PACMEDY

Title: PAlaeo-Constraints on Monsoon Evolution and Dynamics

Lead PI: BRACONNOT Pascale, Centre National de la Recherche Scientifique, France

Partner PIs:
- HARRISON Sandy P., University of Reading, UK
- Tudhope Alexander, University of Edinburgh, UK
- Brierley Christopher, University College London, UK
- RAGHAVAN Krishnan, Indian Institute of Tropical Meteorology, India
- JUNGCLAUS Johann H., Max Planck Institute for Meteorology, Germany
- Zorita Eduardo, Helmoltz-Zentrum Geesthacht, Germany
- Lohmann Gerrit, Alfred Wegener Institute Helmholtz Centre for Polar and Marine Research, Germany
- PAUSATA Francesco Salvatore Rocco, Stockholm University, Sweden
- Corrège Thierry, EPOC, France
- Turcq Bruno, Laboratoire d'Océanographie et du Climat:
Expérimentations et Analyses Numériques-IPSL/Pierre et Marie Curie University/IRD/CNRS/MNHN, France
- Carré Matthieu, Institut des Sciences de l'Evolution de Montpellier, France
- Beaufort Luc, CEREGE, France
- Elliot Mary, Laboratoire de Planetologie et Geodynamique de Nantes, France
- LEITE DA SILVA DIAS Pedro, University of São Paulo, Brazil

Funding agencies: FAPESP, ANR, BMBF, MoES, FORMAS, NERC

Abstract:

Monsoon systems influence the water supply and livelihoods of over half of the world.
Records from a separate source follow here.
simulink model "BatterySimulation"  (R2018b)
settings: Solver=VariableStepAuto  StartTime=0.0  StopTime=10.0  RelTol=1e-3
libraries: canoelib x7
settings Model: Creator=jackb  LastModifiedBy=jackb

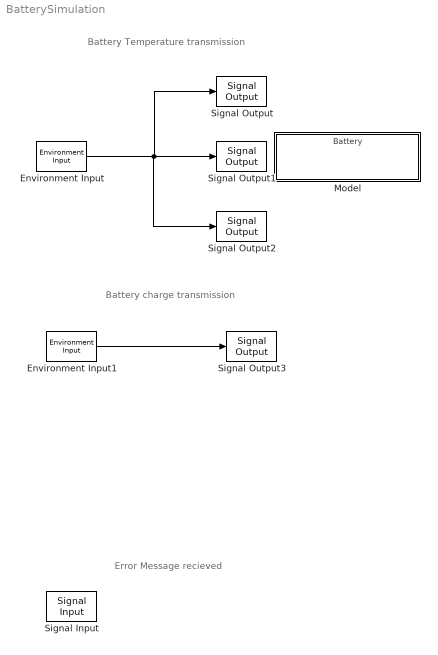
== system BatterySimulation ==
  note: Error Message recieved
  note: Battery Temperature transmission
  note: Battery charge transmission
  Environment Input : canoelib/CANoe I//O/Environment Input  envName=Battery_temp  editSampleTime=0  dataType=Default  dataTypeDB=int32
      settings: AttributesFormatString=%<envName>  SourceProductName=Vector CANoe
  Environment Input1 : canoelib/CANoe I//O/Environment Input  envName=Battery_temp  editSampleTime=0  dataType=Default  dataTypeDB=int32
      settings: AttributesFormatString=%<envName>  SourceProductName=Vector CANoe
  Model : ModelReference  ModelNameDialog=Battery.slx  SimulationMode=Normal  ModelReferenceVersion=1.2
  Signal Input : canoelib/CANoe I//O/Signal Input  dbName=0  nodeName=0  msgName=0  sigName=0  editSampleTime=0  rawValue=Default  dataType=Default  dataTypeDB=unknown  hasEncoding=off
      settings: AttributesFormatString=%<sigName>  SourceProductName=Vector CANoe
  Signal Output : canoelib/CANoe I//O/Signal Output  dbName=V2CANdb  nodeName=Battery  msgName=Bat_ActualValues  sigName=bat_temp1  rawValue=Default  dataType=Default  dataTypeDB=int8  hasEncoding=off
      settings: AttributesFormatString=%<sigName>  SourceProductName=Vector CANoe
  Signal Output1 : canoelib/CANoe I//O/Signal Output  dbName=V2CANdb  nodeName=Battery  msgName=Bat_ActualValues  sigName=bat_temp2  rawValue=Default  dataType=Default  dataTypeDB=int8  hasEncoding=off
      settings: AttributesFormatString=%<sigName>  SourceProductName=Vector CANoe
  Signal Output2 : canoelib/CANoe I//O/Signal Output  dbName=V2CANdb  nodeName=Battery  msgName=Bat_ActualValues  sigName=bat_temp3  rawValue=Default  dataType=Default  dataTypeDB=int8  hasEncoding=off
      settings: AttributesFormatString=%<sigName>  SourceProductName=Vector CANoe
  Signal Output3 : canoelib/CANoe I//O/Signal Output  dbName=V2CANdb  nodeName=Battery  msgName=Bat_ActualValues  sigName=bat_temp2  rawValue=Default  dataType=Default  dataTypeDB=int8  hasEncoding=off
      settings: AttributesFormatString=%<sigName>  SourceProductName=Vector CANoe
  wires:
  Environment Input/1 -> Signal Output2/1, Signal Output/1, Signal Output1/1
  Environment Input1/1 -> Signal Output3/1

Observations are too short to provide estimates of monsoon variability on the multi-year timescale relevant to the future or to identify the causes of change on this timescale. The credibility of future projections of monsoon behavior is limited by the large spread in the simulated magnitude of precipitation changes. Past climates provide an opportunity to overcome these problems. This project will use annually-resolved palaeoenvironmental records of climate variability over the past 6000 years from corals, molluscs, speleothems and tree rings, together with global climate-model simulations and high-resolution simulations of the Indian, African, East Asia and South American monsoons, to provide a better understanding of monsoon dynamics and interannual to multidecadal variability (IM).
We will use the millennium before the pre-industrial era (850-1850 CE) as the reference climate and compare this with simulations of the mid- Holocene (6000 years ago) and transient simulations from 6000 year ago to ca 850 CE. We will provide a quantitative and comprehensive assessment of what aspects of monsoon variability are adequately represented by current models, using environmental modelling to simulate the observations. By linking modelling of past climates and future projections, we will assess the credibility of these projections and the likelihood of extreme events at decadal time scales. The project is organized around four themes: (1) the impact of external forcing and extratropical climates on intertropical convergence and the hydrological cycle in the tropics; (2) characterization of IM variability to determine the extent to which the stochastic component is modulated by external forcing or changes in mean climate; (3) the influence of local (vegetation, dust) and remote factors on the duration, intensity and pattern of the Indian, African and South American monsoons; and (4) the identification of paleo-constraints that can be used to assess the reliability of future monsoon evolution.